La baladodiffusion en éducation: mythes et réalités…

Après que cet article m’aie été recommandé par trois sources différentes, je me suis décidé à le lire et à vous en faire rapport.  Il s’agit d’une recherche menée auprès de 275 étudiants de trois facultés différentes à l’Université de Montréal.  Dans cinq cours, les étudiants se voyaient remettre un baladeur numérique de type iPod ou Zen Vision et les professeurs de ces cours mettaient à leur disposition des contenus pédagogiques téléchargeables à partir d’un serveur central.  Il pouvait s’agir de séances de cours enregistrées, mais aussi d’entrevues, de musique à écouter pour les cours, etc.  Évidemment, les appareils ont également servi à des fins plus personnelles pendant le semestre…

Les conclusions des auteurs ne sont pas vraiment surprenantes, quoi qu’elles tendent à infirmer le modèle du « learning anytime, anywhere » mis de l’avant par les partisans de l’utilisation de la baladodiffusion pour diffuser des contenus de cours.  En gros, les étudiants perçoivent ce médium davantage comme un outil de divertissement, non-propice à l’étude.  Pour que les contenus académiques y soient intéressants, il faut qu’ils soient formatés de manière appropriée:

« Les contenus pédagogiques doivent être courts. Leurs concepteurs doivent exploiter les possibilités du multimédia pour créer des contenus dynamiques et interactifs. Surtout, les contenus doivent être d’une grande pertinence par rapport au cours et nullement se substituer au professeur dans son rôle de source première. Cela demande du temps, car pour assurer une bonne intégration dans les activités pédagogiques, les obstacles et contraintes à la fois techniques et culturels doivent être surmontés tant par les professeurs que par les étudiants. » [p. 54, nos emphases]

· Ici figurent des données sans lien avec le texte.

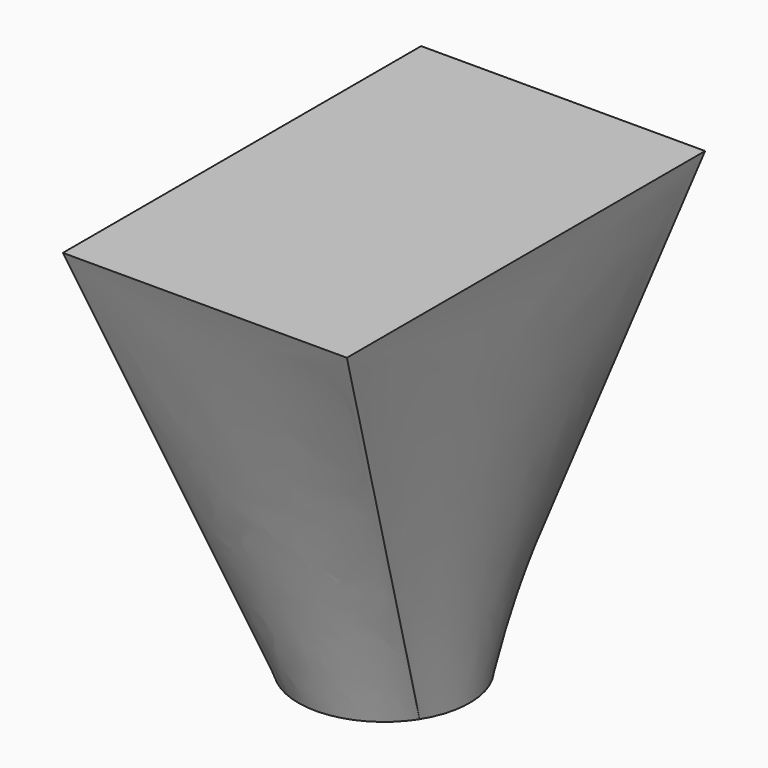
from build123d import *

# Parameters (mm, degrees)
F2_W = 87.2814878821
F2_H = 137.6141756773


# Not quite as in the source:
# - the arcs of a loft's sections are written as splines that run evenly, so that the points pair up as in the source's solid


with BuildPart() as f3:
    # F2 (on offset) → F3 section 0
    with BuildSketch(Plane.XY.offset(127)):
        Rectangle(F2_W, F2_H)
    # F1 (on Top) → F3 section 1
    with BuildSketch(Plane.XY):
        with BuildLine():
            add(Edge.make_bspline(
                [(14.0971746488, 22.2266040112), (12.642446818, 23.1492619344), (11.0968833316, 23.9286224004), (7.8833287822, 25.1708743783), (6.2154171805, 25.6337351731), (2.8212588422, 26.2251842358), (1.0950960328, 26.3537578788), (-2.3492304928, 26.2716749703), (-4.0673090413, 26.0610204485), (-7.4294402175, 25.3085599691), (-9.0734097099, 24.7667726176), (-12.2241407211, 23.3728512015), (-13.7308243318, 22.5207516043), (-16.5490743521, 20.5389368698), (-17.860571075, 19.4092707367), (-20.2380363367, 16.9157227126), (-21.303946088, 15.5519024795), (-22.2266040112, 14.0971746488)],
                knots=[0, 0, 0, 0, 0.125, 0.125, 0.25, 0.25, 0.375, 0.375, 0.5, 0.5, 0.625, 0.625, 0.75, 0.75, 0.875, 0.875, 1, 1, 1, 1], degree=3))
            add(Edge.make_bspline(
                [(-22.2266040112, 14.0971746488), (-23.1492619344, 12.642446818), (-23.9286224004, 11.0968833316), (-25.1708743783, 7.8833287822), (-25.6337351731, 6.2154171805), (-26.2251842358, 2.8212588422), (-26.3537578788, 1.0950960328), (-26.2716749703, -2.3492304928), (-26.0610204485, -4.0673090413), (-25.3085599691, -7.4294402175), (-24.7667726176, -9.0734097099), (-23.3728512015, -12.2241407211), (-22.5207516043, -13.7308243318), (-20.5389368698, -16.5490743521), (-19.4092707367, -17.860571075), (-16.9157227126, -20.2380363367), (-15.5519024795, -21.303946088), (-14.0971746488, -22.2266040112)],
                knots=[0, 0, 0, 0, 0.125, 0.125, 0.25, 0.25, 0.375, 0.375, 0.5, 0.5, 0.625, 0.625, 0.75, 0.75, 0.875, 0.875, 1, 1, 1, 1], degree=3))
            add(Edge.make_bspline(
                [(-14.0971746488, -22.2266040112), (-12.642446818, -23.1492619344), (-11.0968833316, -23.9286224004), (-7.8833287822, -25.1708743783), (-6.2154171805, -25.6337351731), (-2.8212588422, -26.2251842358), (-1.0950960328, -26.3537578788), (2.3492304928, -26.2716749703), (4.0673090413, -26.0610204485), (7.4294402175, -25.3085599691), (9.0734097099, -24.7667726176), (12.2241407211, -23.3728512015), (13.7308243318, -22.5207516043), (16.5490743521, -20.5389368698), (17.860571075, -19.4092707367), (20.2380363367, -16.9157227126), (21.303946088, -15.5519024795), (22.2266040112, -14.0971746488)],
                knots=[0, 0, 0, 0, 0.125, 0.125, 0.25, 0.25, 0.375, 0.375, 0.5, 0.5, 0.625, 0.625, 0.75, 0.75, 0.875, 0.875, 1, 1, 1, 1], degree=3))
            add(Edge.make_bspline(
                [(22.2266040112, -14.0971746488), (23.1492619344, -12.642446818), (23.9286224004, -11.0968833316), (25.1708743783, -7.8833287822), (25.6337351731, -6.2154171805), (26.2251842358, -2.8212588422), (26.3537578788, -1.0950960328), (26.2716749703, 2.3492304928), (26.0610204485, 4.0673090413), (25.3085599691, 7.4294402175), (24.7667726176, 9.0734097099), (23.3728512015, 12.2241407211), (22.5207516043, 13.7308243318), (20.5389368698, 16.5490743521), (19.4092707367, 17.860571075), (16.9157227126, 20.2380363367), (15.5519024795, 21.303946088), (14.0971746488, 22.2266040112)],
                knots=[0, 0, 0, 0, 0.125, 0.125, 0.25, 0.25, 0.375, 0.375, 0.5, 0.5, 0.625, 0.625, 0.75, 0.75, 0.875, 0.875, 1, 1, 1, 1], degree=3))
        make_face()
    loft(ruled=True)


solid = f3.part

 Ce que l’article souligne de façon éloquente, c’est à quel point le contexte de réception de contenu pédagogique est normée socialement et intégrée par les étudiants.  Ainsi, bien que la technologie rende possible d’accéder à la matière de manière « nomade », les étudiantes et étudiants interrogés ressentent qu’ils ont besoin d’être immobiles pour se concentrer sur leur étude (ils tendent à télécharger les contenus pédagogiques sur leurs ordinateurs domestiques afin de les écouter à la maison).  Inversement, un contenu plus ludique (musique, photos, vidéos personnels) peu être consommé « en route » (dans le métro, par exemple).

« Nous sommes loin encore des discours faisant état d’un apprentissage décontextualisé où tout lieu et tout moment seraient propices à l’appropriation des contenus disciplinaires. Pour les étudiants, la consommation culturelle à des fins de carrière académique (voire passer les examens) requiert un setting, c’est-à-dire un espace balisé et a priori  défini comme lieu d’apprentissage. »
Tout cela me ramène à un des constats du récent colloque ProfeTIC, « L’Université était au coeur des transformations technologiques des trente dernières années.  Plus maintenant.  Aujourd’hui, elle est en rattrapage.  L’acquisition technologique se fait ailleurs. »  Les universitaires auront beau essayer de récupérer des technologies utilisées hors-campus, celles-ci sont déjà arrivées avec leurs contenus populaires qui ont conditionné l’utilisation qu’en font les étudiants.  Difficile de les remplacer…
Caron, André H. et Letizia Caronia, Rhoda Weiss-Lambrou, « La baladodiffusion en éducation : mythes et réalités des usages dans une culture mobile », Revue internationale des technologies en pédagogie universitaire, vol. 4, no. 3, 2007, pp. 42-57.